Seungmin & Jisung
Seungmin
Yazmayacak mısın şimdi
Okulda da köşe bucak kaçıosun çocuktan
Ne dicem Seung
İçtik kahve bitti işte
Seungmin
Jisung
Yanlış anlama ama
Acaba sen
Hislerim oluşur korkusuna mı
Uzak duruyorsun bu çocuktan
Ne alaka
Öyle birinden hoşlanmam Seung
Saçma sapan konuşma
Seungmin
Kendini mi ikna etmeye çalışıyorsun
Bizi mi anlamıyorum bazen de neyse
Öyle diyorsan öyledir
En azından peşimi bırak falan yaz çocuğa
Pervane gibi dolaşıyor götünde
Felix görmese bile
Okulda yayılacak
Biri söyleyecek gidip
Bok gibi öğrenecek sonra
Yazarım akşam
Yani
Umarım
Seungmin
Yaz Jisung
Felix geliyor ayrıca
Kapa telefonu
Mesajları sil
_________
Klasik sakinlikte bir öğle yemeği için masaya geçtiğimizde ağrıyan kafamı ovuşturdum.
"Kimyacı ne boş insan ya, bık bık susmuyor abi banane senin eşinle boşanma hikayenden."
Sinirle mırıldandığımda üçlü gülüp yemeklerine gömülmüşlerdi. Ben de istemsizce gülüp pilavımdan bir kaşık alırken gözüme direkt kantinin girişinde gelen Minho çarpmıştı.

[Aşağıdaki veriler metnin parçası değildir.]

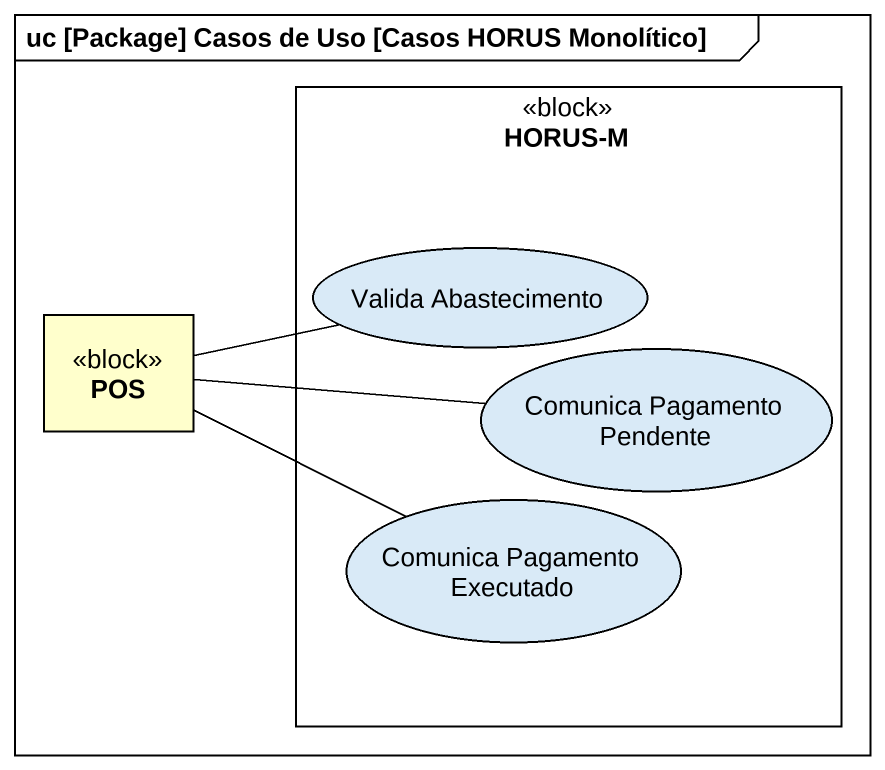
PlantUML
@startuml
mainframe uc [Package] Casos de Uso [Casos HORUS Monolítico]
allowmixing
hide circle
hide empty members
rectangle "HORUS-M" as HORUS_M <<block>> {
  usecase "Valida Abastecimento" as Valida_Abastecimento
  usecase "Comunica Pagamento Pendente" as Comunica_Pagamento_Pendente
  usecase "Comunica Pagamento Executado" as Comunica_Pagamento_Executado
}
class POS <<block>>
POS -right- Valida_Abastecimento
POS -right- Comunica_Pagamento_Pendente
POS -right- Comunica_Pagamento_Executado
@enduml

Mesajına cevap vermeyeli 1 hafta ya da daha fazla olmuştu. Genelde birkaç günde bir mesaj atıyor ya da okulda yalnız an yaratıp konuşmaya çalışıyordu. Ama nedensizce onun yanında kendimi gram güvende hissetmiyordum ve midem tamamen kasılıyordu.
Bu süreçte onu da zar zor görmeye başlamıştım ama yine de birkaç gündür eski haline nazaran çökmüş olduğunu fark etmiştim.
"Tanıştığın herkes senin hakkında hiçbir şey bilmediğin bir savaş veriyor. Kibar ol. Her zaman."
Sanki beynim kendiyle çatışıyor gibi duvarımı hatırlatıp dursa da kafamı iki yana salladım. O hala iki gün önce felixe bok gibi davranan piçin tekiydi, öyle olmalıydı.
Göz göze geleceğimizi hissettiğimde kafamı önümde dikkatle bana bakan Seungmine çevirdim. Bakmaması için masanın altından ayağımı bacağına geçirdim.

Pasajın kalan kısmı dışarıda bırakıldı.